When prompted, make sure to select **Claude Code** as an additional agent.

After installation, open Claude Code and type `/data-designer`, or just tell it you want to generate a dataset along with a description of what you want and the skill will kick in.

The skill has two modes. In interactive mode (the default), the agent asks clarifying questions and has you make key design decisions (diversity axes, sampling strategies, model selection). You review sample records, give feedback, and iterate until it's right.

Autopilot mode is the opposite. The agent reads your description, makes its own design decisions (and tells you what they are), then validates and generates without waiting. To enter this mode, just tell the agent to "be opinionated", "surprise me", or imply that you don't want to be involved in the design process.

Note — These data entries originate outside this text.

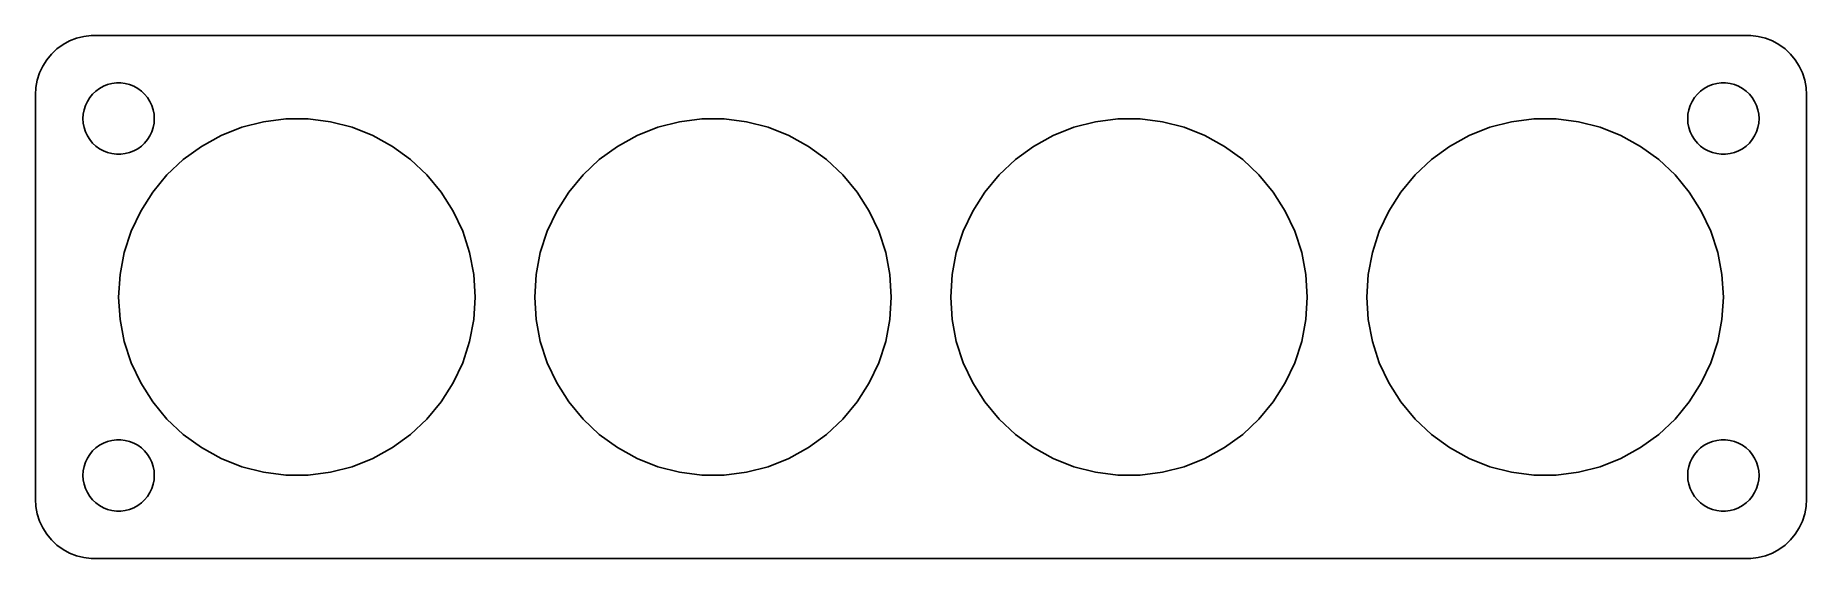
# Model space of a CAD drawing. Header units: metres. Extents: x -74 to 74, y -22 to 22.
import ezdxf

# ---------------------------------------------------------------- set-up
doc = ezdxf.new("R2010")
doc.units = ezdxf.units.M

msp = doc.modelspace()

# ---------------------------------------------------------------- linework, layer by layer
for p, q in [((-72.1791, 21.2216), (-72.6871, 20.8526)), ((-71.6289, 21.5241), (-72.1791, 21.2216)), ((-71.0451, 21.7553), (-71.6289, 21.5241)), ((-70.4369, 21.9114), (-71.0451, 21.7553)), ((-69.8139, 21.9901), (-70.4369, 21.9114)), ((69.8139, 21.9901), (-69.8139, 21.9901)), ((70.4369, 21.9114), (69.8139, 21.9901)), ((71.0451, 21.7553), (70.4369, 21.9114)), ((71.6289, 21.5241), (71.0451, 21.7553)), ((72.1791, 21.2216), (71.6289, 21.5241)), ((72.6871, 20.8526), (72.1791, 21.2216)), ((-73.8815, 19.4088), (-74.1489, 18.8406)), ((-73.5451, 19.9389), (-73.8815, 19.4088)), ((-73.1448, 20.4227), (-73.5451, 19.9389)), ((-72.6871, 20.8526), (-73.1448, 20.4227)), ((73.1448, 20.4227), (72.6871, 20.8526)), ((73.5451, 19.9389), (73.1448, 20.4227)), ((73.8815, 19.4088), (73.5451, 19.9389)), ((74.1489, 18.8406), (73.8815, 19.4088)), ((-74.3429, 18.2434), (-74.4606, 17.6267)), ((-74.1489, 18.8406), (-74.3429, 18.2434)), ((-68.427, 17.8532), (-68.0621, 17.9469)), ((-68.0621, 17.9469), (-67.6884, 17.9941)), ((-67.6884, 17.9941), (-67.3116, 17.9941)), ((-67.3116, 17.9941), (-66.9379, 17.9469)), ((-66.9379, 17.9469), (-66.573, 17.8532)), ((66.573, 17.8532), (66.9379, 17.9469)), ((66.9379, 17.9469), (67.3116, 17.9941)), ((67.3116, 17.9941), (67.6884, 17.9941)), ((67.6884, 17.9941), (68.0621, 17.9469)), ((68.0621, 17.9469), (68.427, 17.8532)), ((74.3429, 18.2434), (74.1489, 18.8406)), ((74.4606, 17.6267), (74.3429, 18.2434)), ((-74.4606, 17.6267), (-74.5, 17)), ((-74.5, 17), (-74.5, -17)), ((-70.2893, 16.1044), (-70.1289, 16.4453)), ((-70.1289, 16.4453), (-69.927, 16.7634)), ((-69.927, 16.7634), (-69.6869, 17.0536)), ((-69.6869, 17.0536), (-69.4123, 17.3115)), ((-69.4123, 17.3115), (-69.1075, 17.533)), ((-69.1075, 17.533), (-68.7773, 17.7145)), ((-68.7773, 17.7145), (-68.427, 17.8532)), ((-66.573, 17.8532), (-66.2227, 17.7145)), ((-66.2227, 17.7145), (-65.8925, 17.533)), ((-65.8925, 17.533), (-65.5877, 17.3115)), ((-65.5877, 17.3115), (-65.3131, 17.0536)), ((-65.3131, 17.0536), (-65.073, 16.7634)), ((-65.073, 16.7634), (-64.8711, 16.4453)), ((-64.8711, 16.4453), (-64.7107, 16.1044)), ((64.7107, 16.1044), (64.8711, 16.4453)), ((64.8711, 16.4453), (65.073, 16.7634)), ((65.073, 16.7634), (65.3131, 17.0536)), ((65.3131, 17.0536), (65.5877, 17.3115)), ((65.5877, 17.3115), (65.8925, 17.533)), ((65.8925, 17.533), (66.2227, 17.7145)), ((66.2227, 17.7145), (66.573, 17.8532)), ((68.427, 17.8532), (68.7773, 17.7145)), ((68.7773, 17.7145), (69.1075, 17.533)), ((69.1075, 17.533), (69.4123, 17.3115)), ((69.4123, 17.3115), (69.6869, 17.0536)), ((69.6869, 17.0536), (69.927, 16.7634)), ((69.927, 16.7634), (70.1289, 16.4453)), ((70.1289, 16.4453), (70.2893, 16.1044)), ((74.5, 17), (74.4606, 17.6267)), ((74.5, -17), (74.5, 17)), ((-70.5, 15), (-70.4763, 15.376)), ((-70.4763, 14.624), (-70.5, 15)), ((-70.4763, 15.376), (-70.4057, 15.7461)), ((-70.4057, 15.7461), (-70.2893, 16.1044)), ((-64.7107, 16.1044), (-64.5943, 15.7461)), ((-64.5943, 15.7461), (-64.5237, 15.376)), ((-64.5237, 15.376), (-64.5, 15)), ((-64.5, 15), (-64.5237, 14.624)), ((-55.3107, 14.7343), (-53.4418, 14.9704)), ((-53.4418, 14.9704), (-51.5581, 14.9704)), ((-51.5581, 14.9704), (-49.6893, 14.7343)), ((-20.3107, 14.7343), (-18.4418, 14.9704)), ((-18.4418, 14.9704), (-16.5581, 14.9704)), ((-16.5581, 14.9704), (-14.6893, 14.7343)), ((14.6893, 14.7343), (16.5581, 14.9704)), ((16.5581, 14.9704), (18.4418, 14.9704)), ((18.4418, 14.9704), (20.3107, 14.7343)), ((49.6893, 14.7343), (51.5581, 14.9704)), ((51.5581, 14.9704), (53.4418, 14.9704)), ((53.4418, 14.9704), (55.3107, 14.7343)), ((64.5, 15), (64.5237, 15.376)), ((64.5237, 14.624), (64.5, 15)), ((64.5237, 15.376), (64.5943, 15.7461)), ((64.5943, 15.7461), (64.7107, 16.1044)), ((70.2893, 16.1044), (70.4057, 15.7461)), ((70.4057, 15.7461), (70.4763, 15.376)), ((70.4763, 15.376), (70.5, 15)), ((70.5, 15), (70.4763, 14.624)), ((-70.4057, 14.2539), (-70.4763, 14.624)), ((-70.2893, 13.8956), (-70.4057, 14.2539)), ((-70.1289, 13.5547), (-70.2893, 13.8956)), ((-69.927, 13.2366), (-70.1289, 13.5547)), ((-64.8711, 13.5547), (-65.073, 13.2366)), ((-64.7107, 13.8956), (-64.8711, 13.5547)), ((-64.5943, 14.2539), (-64.7107, 13.8956)), ((-64.5237, 14.624), (-64.5943, 14.2539)), ((-60.5374, 12.6649), (-58.8867, 13.5724)), ((-58.8867, 13.5724), (-57.1353, 14.2658)), ((-57.1353, 14.2658), (-55.3107, 14.7343)), ((-49.6893, 14.7343), (-47.8647, 14.2658)), ((-47.8647, 14.2658), (-46.1133, 13.5724)), ((-46.1133, 13.5724), (-44.4626, 12.6649)), ((-25.5374, 12.6649), (-23.8867, 13.5724)), ((-23.8867, 13.5724), (-22.1353, 14.2658)), ((-22.1353, 14.2658), (-20.3107, 14.7343)), ((-14.6893, 14.7343), (-12.8647, 14.2658)), ((-12.8647, 14.2658), (-11.1133, 13.5724)), ((-11.1133, 13.5724), (-9.46259, 12.6649)), ((9.46259, 12.6649), (11.1133, 13.5724)), ((11.1133, 13.5724), (12.8647, 14.2658)), ((12.8647, 14.2658), (14.6893, 14.7343)), ((20.3107, 14.7343), (22.1353, 14.2658)), ((22.1353, 14.2658), (23.8867, 13.5724)), ((23.8867, 13.5724), (25.5374, 12.6649)), ((44.4626, 12.6649), (46.1133, 13.5724)), ((46.1133, 13.5724), (47.8647, 14.2658)), ((47.8647, 14.2658), (49.6893, 14.7343)), ((55.3107, 14.7343), (57.1353, 14.2658)), ((57.1353, 14.2658), (58.8867, 13.5724)), ((58.8867, 13.5724), (60.5374, 12.6649)), ((64.5943, 14.2539), (64.5237, 14.624)), ((64.7107, 13.8956), (64.5943, 14.2539)), ((64.8711, 13.5547), (64.7107, 13.8956)), ((65.073, 13.2366), (64.8711, 13.5547)), ((70.1289, 13.5547), (69.927, 13.2366)), ((70.2893, 13.8956), (70.1289, 13.5547)), ((70.4057, 14.2539), (70.2893, 13.8956)), ((70.4763, 14.624), (70.4057, 14.2539)), ((-69.6869, 12.9464), (-69.927, 13.2366)), ((-69.4123, 12.6884), (-69.6869, 12.9464)), ((-69.1075, 12.467), (-69.4123, 12.6884)), ((-68.7773, 12.2855), (-69.1075, 12.467)), ((-68.427, 12.1468), (-68.7773, 12.2855)), ((-68.0621, 12.0531), (-68.427, 12.1468)), ((-67.6884, 12.0059), (-68.0621, 12.0531)), ((-67.3116, 12.0059), (-67.6884, 12.0059)), ((-66.9379, 12.0531), (-67.3116, 12.0059)), ((-66.573, 12.1468), (-66.9379, 12.0531)), ((-66.2227, 12.2855), (-66.573, 12.1468)), ((-65.8925, 12.467), (-66.2227, 12.2855)), ((-65.5877, 12.6884), (-65.8925, 12.467)), ((-65.3131, 12.9464), (-65.5877, 12.6884)), ((-65.073, 13.2366), (-65.3131, 12.9464)), ((-62.0614, 11.5577), (-60.5374, 12.6649)), ((-44.4626, 12.6649), (-42.9386, 11.5577)), ((-27.0614, 11.5577), (-25.5374, 12.6649)), ((-9.46259, 12.6649), (-7.93863, 11.5577)), ((7.93863, 11.5577), (9.46259, 12.6649)), ((25.5374, 12.6649), (27.0614, 11.5577)), ((42.9386, 11.5577), (44.4626, 12.6649)), ((60.5374, 12.6649), (62.0614, 11.5577)), ((65.3131, 12.9464), (65.073, 13.2366)), ((65.5877, 12.6884), (65.3131, 12.9464)), ((65.8925, 12.467), (65.5877, 12.6884)), ((66.2227, 12.2855), (65.8925, 12.467)), ((66.573, 12.1468), (66.2227, 12.2855)), ((66.9379, 12.0531), (66.573, 12.1468)), ((67.3116, 12.0059), (66.9379, 12.0531)), ((67.6884, 12.0059), (67.3116, 12.0059)), ((68.0621, 12.0531), (67.6884, 12.0059)), ((68.427, 12.1468), (68.0621, 12.0531)), ((68.7773, 12.2855), (68.427, 12.1468)), ((69.1075, 12.467), (68.7773, 12.2855)), ((69.4123, 12.6884), (69.1075, 12.467)), ((69.6869, 12.9464), (69.4123, 12.6884)), ((69.927, 13.2366), (69.6869, 12.9464)), ((-63.4345, 10.2682), (-62.0614, 11.5577)), ((-42.9386, 11.5577), (-41.5655, 10.2682)), ((-28.4345, 10.2682), (-27.0614, 11.5577)), ((-7.93863, 11.5577), (-6.56546, 10.2682)), ((6.56546, 10.2682), (7.93863, 11.5577)), ((27.0614, 11.5577), (28.4345, 10.2682)), ((41.5655, 10.2682), (42.9386, 11.5577)), ((62.0614, 11.5577), (63.4345, 10.2682)), ((-64.6353, 8.81677), (-63.4345, 10.2682)), ((-41.5655, 10.2682), (-40.3647, 8.81677)), ((-29.6353, 8.81677), (-28.4345, 10.2682)), ((-6.56546, 10.2682), (-5.36473, 8.81677)), ((5.36473, 8.81677), (6.56546, 10.2682)), ((28.4345, 10.2682), (29.6353, 8.81677)), ((40.3647, 8.81677), (41.5655, 10.2682)), ((63.4345, 10.2682), (64.6353, 8.81677)), ((-65.6446, 7.2263), (-64.6353, 8.81677)), ((-40.3647, 8.81677), (-39.3554, 7.2263)), ((-30.6446, 7.2263), (-29.6353, 8.81677)), ((-5.36473, 8.81677), (-4.35539, 7.2263)), ((4.35539, 7.2263), (5.36473, 8.81677)), ((29.6353, 8.81677), (30.6446, 7.2263)), ((39.3554, 7.2263), (40.3647, 8.81677)), ((64.6353, 8.81677), (65.6446, 7.2263)), ((-66.4466, 5.52187), (-65.6446, 7.2263)), ((-39.3554, 7.2263), (-38.5533, 5.52187)), ((-31.4466, 5.52187), (-30.6446, 7.2263)), ((-4.35539, 7.2263), (-3.55334, 5.52187)), ((3.55334, 5.52187), (4.35539, 7.2263)), ((30.6446, 7.2263), (31.4466, 5.52187)), ((38.5533, 5.52187), (39.3554, 7.2263)), ((65.6446, 7.2263), (66.4466, 5.52187)), ((-67.0287, 3.73035), (-66.4466, 5.52187)), ((-38.5533, 5.52187), (-37.9713, 3.73035)), ((-32.0287, 3.73035), (-31.4466, 5.52187)), ((-3.55334, 5.52187), (-2.97125, 3.73035)), ((2.97125, 3.73035), (3.55334, 5.52187)), ((31.4466, 5.52187), (32.0287, 3.73035)), ((37.9713, 3.73035), (38.5533, 5.52187)), ((66.4466, 5.52187), (67.0287, 3.73035)), ((-67.3817, 1.87999), (-67.0287, 3.73035)), ((-37.9713, 3.73035), (-37.6183, 1.87999)), ((-32.3817, 1.87999), (-32.0287, 3.73035)), ((-2.97125, 3.73035), (-2.61827, 1.87999)), ((2.61827, 1.87999), (2.97125, 3.73035)), ((32.0287, 3.73035), (32.3817, 1.87999)), ((37.6183, 1.87999), (37.9713, 3.73035)), ((67.0287, 3.73035), (67.3817, 1.87999)), ((-67.5, 0), (-67.3817, 1.87999)), ((-37.6183, 1.87999), (-37.5, 0)), ((-32.5, 0), (-32.3817, 1.87999)), ((-2.61827, 1.87999), (-2.5, 0)), ((2.5, 0), (2.61827, 1.87999)), ((32.3817, 1.87999), (32.5, 0)), ((37.5, 0), (37.6183, 1.87999)), ((67.3817, 1.87999), (67.5, 0)), ((-67.3817, -1.87999), (-67.5, 0)), ((-37.5, 0), (-37.6183, -1.87999)), ((-32.3817, -1.87999), (-32.5, 0)), ((-2.5, 0), (-2.61827, -1.87999)), ((2.61827, -1.87999), (2.5, 0)), ((32.5, 0), (32.3817, -1.87999)), ((37.6183, -1.87999), (37.5, 0)), ((67.5, 0), (67.3817, -1.87999)), ((-67.0287, -3.73035), (-67.3817, -1.87999)), ((-37.6183, -1.87999), (-37.9713, -3.73035)), ((-32.0287, -3.73035), (-32.3817, -1.87999)), ((-2.61827, -1.87999), (-2.97125, -3.73035)), ((2.97125, -3.73035), (2.61827, -1.87999)), ((32.3817, -1.87999), (32.0287, -3.73035)), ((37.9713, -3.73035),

Both produce the same artifact. A standalone Python script calling Data Designer's public API. Re-runnable, modifiable, version-controllable.

***

## **What's Next**

Everything described in this post is live, and we're paying close attention to how people use it. Feedback from early adopters is very welcome and will help us shape what comes next.

On the automation side, the agent already asks if you want it to review the generated dataset and suggest improvements. We're working on closing that loop (generate config, preview, review, improve, repeat) so the agent runs a few iterations on its own before handing you the result.

We also plan to add domain-specific SDG references that the agent can draw on for specialized use cases (healthcare, finance, legal, etc.). The goal is for the agent to bring domain expertise to dataset design alongside library knowledge.

Stay tuned.

👋 Thanks for reading and happy dataset building!